China misses out on Asian shares’ rebound

China’s benchmark Shanghai composite index was down 0.3% and the blue-chip CSI300 index eased 0.2%. Both indices wavered between gains and losses in the morning session.

“What the market wants is some degree of certainty,” said Jim McCafferty, head of equity research, Asia ex-Japan, at Nomura.

“I think everyone knows that the trade deal might not be as optimistic as it might have been in … June or July, and it might be negative for many Chinese companies.
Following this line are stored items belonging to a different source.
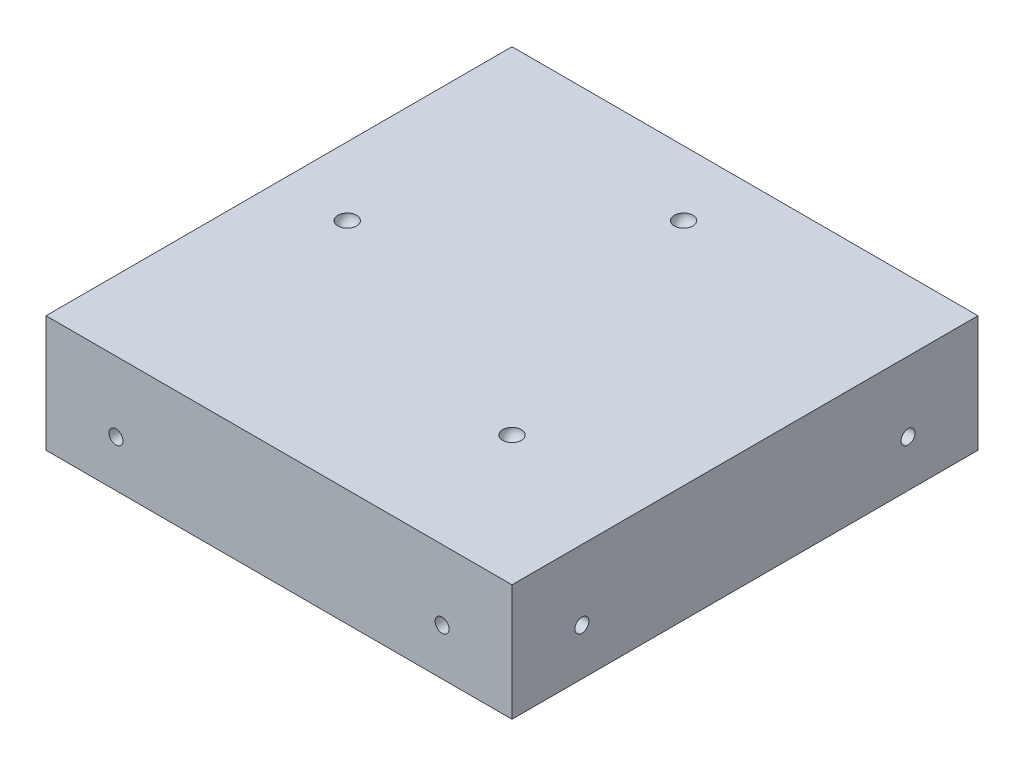
SolidWorks part; units mm, degrees
ref_plane "前视基准面" through (0, 0, 0) normal (0, 0, 1) x (1, 0, 0)
ref_plane "上视基准面" through (0, 0, 0) normal (0, 1, 0) x (1, 0, 0)
ref_plane "右视基准面" through (0, 0, 0) normal (1, 0, 0) x (0, 0, -1)
sketch "Sketch1" plane through (0, 0, 0) normal (0, 1, 0) x (1, 0, 0)
  line L1 (-50, 50) -> (50, 50)
  line L2 (-50, 50) -> (-50, -50)
  line L3 (-50, -50) -> (50, -50)
  line L4 (50, 50) -> (50, -50)
  line L5 (-50, 50) -> (50, -50) construction
  line L6 (-50, -50) -> (50, 50) construction
  point P0 (0, 0)
  dimension "D1" = 100
  dimension "D2" = 100
extrude "Boss-Extrude1" add sketch "Sketch1" along normal blind 25
sketch "Sketch2" plane through (0, 25, 0) normal (0, 1, 0) x (1, 0, 0)
  line L0 (-50, 50) -> (50, -50) construction
  line L1 (50, -50) -> (0, 0) construction
  line L2 (0, 0) -> (50, 50) construction
  line L3 (50, 50) -> (-50, -50) construction
  line L4 (-17.6777, 17.6777) -> (-50, -14.6447) construction
  line L5 (-50, 50) -> (-50, -50) construction
  line L6 (-50, -14.6447) -> (14.6447, 50) construction
  line L7 (50, 50) -> (-50, 50) construction
  line L8 (-36.7696, 1.4142) -> (-33.9411, -1.4142) construction
  line L9 (-36.7696, 1.4142) -> (-33.9411, -1.4142)
  line L12 (-1.4142, 36.7696) -> (2.4934, 32.8619) construction
  arc A0 (-36.7696, 1.4142) -> (-33.9411, -1.4142) centre (-35.3553, 0) cw
  dimension "D3" = 2
  dimension "D1" = 25
revolve "Cut-Revolve7" cut sketch "Sketch2" angle 360 about L8
sketch "Sketch3" plane through (0, 25, 0) normal (0, 1, 0) x (1, 0, 0)
  line L0 (-50, 50) -> (50, -50) construction
  line L1 (50, -50) -> (50, 50) construction
  line L2 (50, 50) -> (-50, 50) construction
  line L3 (50, -50) -> (50, 50) construction
  line L4 (50, 50) -> (-50, -50) construction
  line L5 (-50, 50) -> (-50, -50) construction
  line L6 (-50, -50) -> (50, -50) construction
  line L7 (-35.3553, 0) -> (14.6447, 50) construction
  line L8 (0.7337, 36.0891) -> (20.1077, 16.7151) construction
  line L9 (2.1479, 34.6749) -> (-8.0549, 44.8777) construction
  line L10 (2.1479, 34.6749) -> (-0.6805, 37.5033)
  arc A0 (2.1479, 34.6749) -> (-0.6805, 37.5033) centre (0.7337, 36.0891) ccw
  dimension "D3" = 2
  dimension "D1" = 90
  dimension "D2" = 27.399
revolve "Cut-Revolve8" cut sketch "Sketch3" angle 360 about L9
sketch "Sketch4" plane through (0, 25, 0) normal (0, 1, 0) x (1, 0, 0)
  line L0 (-50, 50) -> (50, -50) construction
  line L1 (-50, -50) -> (50, -50) construction
  line L2 (50, -50) -> (50, 50) construction
  line L3 (50, 50) -> (-50, -50) construction
  line L4 (0.7337, 36.0891) -> (-35.3553, 0) construction
  line L5 (-17.8322, 17.8322) -> (-17.8322, -50) construction
  line L6 (-17.8322, -50) -> (50, 17.8322) construction
  line L7 (50, 17.8322) -> (-17.8322, 17.8322) construction
  line L8 (23.582, -23.582) -> (20.7536, -20.7536)
  arc A0 (23.582, -23.582) -> (20.7536, -20.7536) centre (22.1678, -22.1678) ccw
  dimension "D1" = 2
  dimension "D2" = 40
revolve "Cut-Revolve9" cut sketch "Sketch4" angle 360 about L0
sketch "Sketch5" plane through (0, 0, 50) normal (0, 0, 1) x (1, 0, 0)
  line L0 (-50, 10) -> (50, 10) construction
  line L1 (-50, 25) -> (-50, 0) construction
  line L2 (50, 25) -> (50, 0) construction
  line L3 (50, 10) -> (50, 0) construction
  line L4 (-35, 25) -> (-35, 0) construction
  line L5 (-50, 25) -> (50, 25) construction
  line L6 (-50, 0) -> (50, 0) construction
  line L7 (35, 25) -> (35, 0) construction
  circle A0 centre (-35, 10) radius 1.5
  circle A1 centre (35, 10) radius 1.5
  dimension "D4" = 3
  dimension "D5" = 3
  dimension "D1" = 10
  dimension "D2" = 15
  dimension "D3" = 15
extrude "Cut-Extrude1" cut sketch "Sketch5" against normal blind 5
sketch "Sketch6" plane through (50, 0, 0) normal (1, 0, 0) x (0, 0, -1)
  line L0 (-50, 10) -> (50, 10) construction
  line L1 (-50, 25) -> (-50, 0) construction
  line L2 (50, 25) -> (50, 0) construction
  line L3 (-50, 0) -> (50, 0) construction
  line L4 (-35, 25) -> (-35, 0) construction
  line L5 (-50, 25) -> (50, 25) construction
  line L6 (35, 25) -> (35, 0) construction
  circle A0 centre (-35, 10) radius 1.5
  circle A1 centre (35, 10) radius 1.5
  dimension "D4" = 3
  dimension "D5" = 3
  dimension "D1" = 10
  dimension "D2" = 15
  dimension "D3" = 15
extrude "Cut-Extrude2" cut sketch "Sketch6" against normal blind 5
sketch "Sketch7" plane through (0, 0, -50) normal (0, 0, -1) x (-1, 0, 0)
  line L0 (-50, 10) -> (50, 10) construction
  line L1 (-50, 25) -> (-50, 0) construction
  line L2 (50, 25) -> (50, 0) construction
  line L3 (-50, 0) -> (50, 0) construction
  line L4 (-35, 25) -> (-35, -0.9288) construction
  line L5 (-50, 25) -> (50, 25) construction
  line L6 (35, 25) -> (35, 0) construction
  circle A0 centre (-35, 10) radius 1.5
  circle A1 centre (35, 10) radius 1.5
  dimension "D4" = 3
  dimension "D5" = 3
  dimension "D1" = 10
  dimension "D2" = 15
  dimension "D3" = 15
extrude "Cut-Extrude3" cut sketch "Sketch7" against normal blind 5
sketch "Sketch8" plane through (-50, 0, 0) normal (-1, 0, 0) x (0, 0, 1)
  line L0 (-50, 10) -> (50, 10) construction
  line L1 (-50, 25) -> (-50, 0) construction
  line L2 (50, 25) -> (50, 0) construction
  line L3 (-50, 0) -> (50, 0) construction
  line L4 (35, 25) -> (35, 0) construction
  line L5 (-35, 25) -> (-35, 0) construction
  line L6 (-50, 25) -> (50, 25) construction
  circle A0 centre (-35, 10) radius 1.5
  circle A1 centre (35, 10) radius 1.5
  dimension "D2" = 3
  dimension "D5" = 3
  dimension "D1" = 10
  dimension "D3" = 15
  dimension "D4" = 15
extrude "Cut-Extrude4" cut sketch "Sketch8" against normal blind 5

But the fact that there’s no certainty there is one reason that investors are staying on the sidelines.”

News of a possible new round of talks between Washington and Beijing comes even as the trade war between the world’s two largest economies looks set to escalate.

Chinese officials welcomed an invitation from Treasury Secretary Steven Mnuchin for new talks. But US President Donald Trump tempered market expectations, tweeting on Thursday that the US is “under no pressure to make a deal with China”.

The Trump administration is readying a final list of $200bn in Chinese imports on which it plans to levy tariffs in the coming days, a move that many fear would mark a severe escalation in the trade war and put a significant dent in global growth.

“The news on Wednesday that US officials had invited China to restart trade talks suggests that the announcement of tariffs on $200bn of Chinese imports may be delayed. But we think the chance that fresh talks will defuse trade tensions is low,” Capital Economics analysts said in a note.

The analysts noted that Mnuchin had brokered a deal with China in May that was scuppered days later by Trump.

“As a result, he has little credibility with Chinese policymakers,” they said.

On Friday, the state-run English-language China Daily newspaper said in an editorial that China would not “surrender” to US demands, and that Beijing “will not hesitate to take countermeasures against US tariffs to safeguard China’s interests”.

Uncertainty over the global outlook for trade was highlighted by the European Central Bank, which on Thursday kept policy unchanged as expected and warned that risks from protectionism were gaining prominence.

‘Eye-watering’

But a sharp interest rate hike by Turkey’s central bank to support a tumbling lira boosted risk appetite in emerging markets. In a rare show of independence, the bank raised its benchmark interest rate by 625 basis points, to 24%.

Currency crises in Turkey and Argentina have stoked fears of contagion over the past several weeks, hammering emerging market assets from Indonesia to India to South Africa.

After rising as high as 6.01 to the dollar, the lira weakened slightly to 6.1275 on Friday.

“The Turkish Central Bank seems to have regained some credibility after hiking rates to an eye-watering 24%. This move looks to have reset investor expectations for the lira and let some investors breathe a sigh of relief,” said Hannah Anderson, global market strategist at JP Morgan Asset Management.

“However, this is not enough to assuage all investor worries about EM. Individual emerging markets are being buffeted by highly local cross currents in the context of broader negative sentiment around EMs.”